We (my boys, wife and the Peterses) spent week doing nothing but drinking, shooting, riding and repeating. Steve, Kate's dad, has supplied the property with every toy a person could want from the aforementioned OHV's to a two-wheel drive motorcycle (Rokon), a six wheeled amphibious craft, a sand rail, and the only fan boat in Idaho. All of these, not to mention the guns and ammo, were made available to us in addition to having John, the ranch manager, at our disposal. We went on the fan boat, to the St. Anthony sand dunes for a ride on the rail, and took 40 or 50 rides through the miles of trails on the property. The boys, 13 and 10, shot guns, drove cars, fished and wrestled--often all at the same time. My wife did all of the above as well, including the wrestling.
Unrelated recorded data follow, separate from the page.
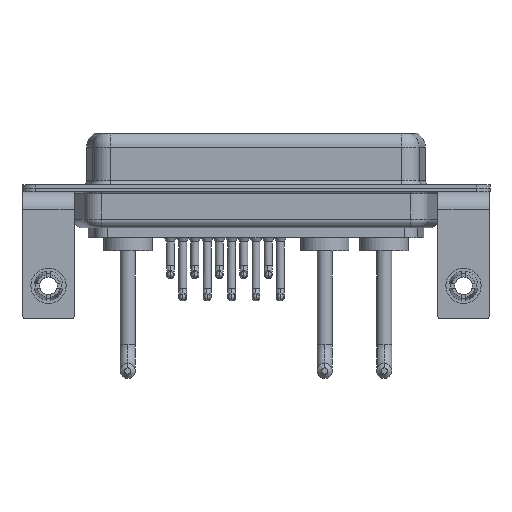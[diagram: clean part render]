
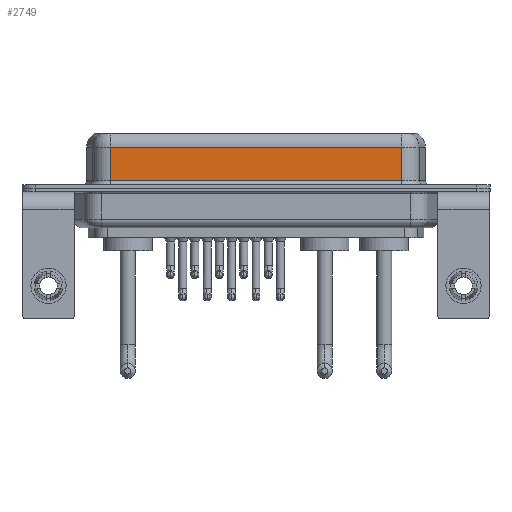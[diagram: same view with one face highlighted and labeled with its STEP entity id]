
A CAD part, front view. The second image highlights one B-rep face of the part: STEP entity #2749.
In plain terms, the highlighted planar face has unit normal (0, -1, 0).
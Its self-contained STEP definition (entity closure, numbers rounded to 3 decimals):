
#33 = CARTESIAN_POINT ( 'NONE',  ( 7.013, -3.95, 4.65 ) ) ;
#1041 = CARTESIAN_POINT ( 'NONE',  ( 40.037, -3.95, 6.4 ) ) ;
#1477 = EDGE_CURVE ( 'NONE', #20709, #12622, #18584, .T. ) ;
#2749 = ADVANCED_FACE ( 'NONE', ( #12552 ), #15913, .F. ) ;
#3422 = EDGE_CURVE ( 'NONE', #4509, #14395, #7816, .T. ) ;
#3424 = LINE ( 'NONE', #14695, #13965 ) ;
#4356 = CARTESIAN_POINT ( 'NONE',  ( 40.037, -3.95, 0.9 ) ) ;
#4509 = VERTEX_POINT ( 'NONE', #10119 ) ;
#4755 = VECTOR ( 'NONE', #16191, 1000. ) ;
#5260 = CARTESIAN_POINT ( 'NONE',  ( 40.037, -3.95, 4.65 ) ) ;
#6403 = ORIENTED_EDGE ( 'NONE', *, *, #3422, .T. ) ;
#6675 = DIRECTION ( 'NONE',  ( -1., 0., 0. ) ) ;
#7327 = CARTESIAN_POINT ( 'NONE',  ( 40.037, -3.95, 4.65 ) ) ;
#7816 = LINE ( 'NONE', #4356, #9967 ) ;
#9596 = CARTESIAN_POINT ( 'NONE',  ( 40.037, -3.95, 6.4 ) ) ;
#9745 = ORIENTED_EDGE ( 'NONE', *, *, #15508, .T. ) ;
#9967 = VECTOR ( 'NONE', #11393, 1000. ) ;
#10119 = CARTESIAN_POINT ( 'NONE',  ( 7.013, -3.95, 0.9 ) ) ;
#10632 = EDGE_CURVE ( 'NONE', #20709, #14395, #14461, .T. ) ;
#11242 = ORIENTED_EDGE ( 'NONE', *, *, #1477, .T. ) ;
#11393 = DIRECTION ( 'NONE',  ( 1., 0., 0. ) ) ;
#12552 = FACE_OUTER_BOUND ( 'NONE', #16563, .T. ) ;
#12622 = VERTEX_POINT ( 'NONE', #33 ) ;
#13965 = VECTOR ( 'NONE', #14803, 1000. ) ;
#14395 = VERTEX_POINT ( 'NONE', #17846 ) ;
#14461 = LINE ( 'NONE', #9596, #4755 ) ;
#14695 = CARTESIAN_POINT ( 'NONE',  ( 7.013, -3.95, 6.4 ) ) ;
#14704 = ORIENTED_EDGE ( 'NONE', *, *, #10632, .F. ) ;
#14803 = DIRECTION ( 'NONE',  ( 0., 0., -1. ) ) ;
#15508 = EDGE_CURVE ( 'NONE', #12622, #4509, #3424, .T. ) ;
#15913 = PLANE ( 'NONE',  #20650 ) ;
#16191 = DIRECTION ( 'NONE',  ( 0., 0., -1. ) ) ;
#16563 = EDGE_LOOP ( 'NONE', ( #14704, #11242, #9745, #6403 ) ) ;
#17846 = CARTESIAN_POINT ( 'NONE',  ( 40.037, -3.95, 0.9 ) ) ;
#18584 = LINE ( 'NONE', #5260, #19215 ) ;
#19156 = DIRECTION ( 'NONE',  ( 0., 0., 1. ) ) ;
#19215 = VECTOR ( 'NONE', #6675, 1000. ) ;
#19379 = DIRECTION ( 'NONE',  ( 0., 1., 0. ) ) ;
#20650 = AXIS2_PLACEMENT_3D ( 'NONE', #1041, #19379, #19156 ) ;
#20709 = VERTEX_POINT ( 'NONE', #7327 ) ;

But that's not all, which brings me to the title of today's post. Tannerite is an explosive developed by some guy named Tanner. Anyone can buy it by the case and have it shipped to his home. It arrives as two compounds which then need to be mixed and placed in the explosive target container. That's right, I said target. Tannerite can only be ignited by being shot with a high-powered riffle. You can drop it, kick it and even shoot it with a .22 or pistol and nothing will happen; however, if you were to shoot it with a .25-06 riffle round (which I can't recommend enough) it makes as big a boom as should be legal in civilian life. Our target of choice this year was an old clothes dryer that had been replaced. The irony here is thick, given that the Colemans were out of our house for 6 weeks last year due to a dryer fire--this was payback. Julie, John and I took turns taking three round cracks at hitting the Tannerite in the middle of the dryer. John, the ranch manager, was our spotter. John Peters hit the target with a glancing blow, but it didn't blow, then we opened the drier door and I got lucky on my second shot. The dryer went up in the air, all four sides of it blown off. When it landed, the inside drum was the only thing left intact. Take that Whirlpool. That's for smoking every belonging I have. That's for sticking me and my family in a Residence Inn for a month and a half. That's for the lingering smoke smell on my entire library of books. I didn't think of it at the time, but I should have brought a piece of the dead dryer back to show the new dryer that I fucking mean business. Tannerite is therapeutic.



Thanks Kate and John, Steve, Andrew Charlie, Julie, Riley, Spencer, and the Mormon god for making Rexburg. It makes life worth living.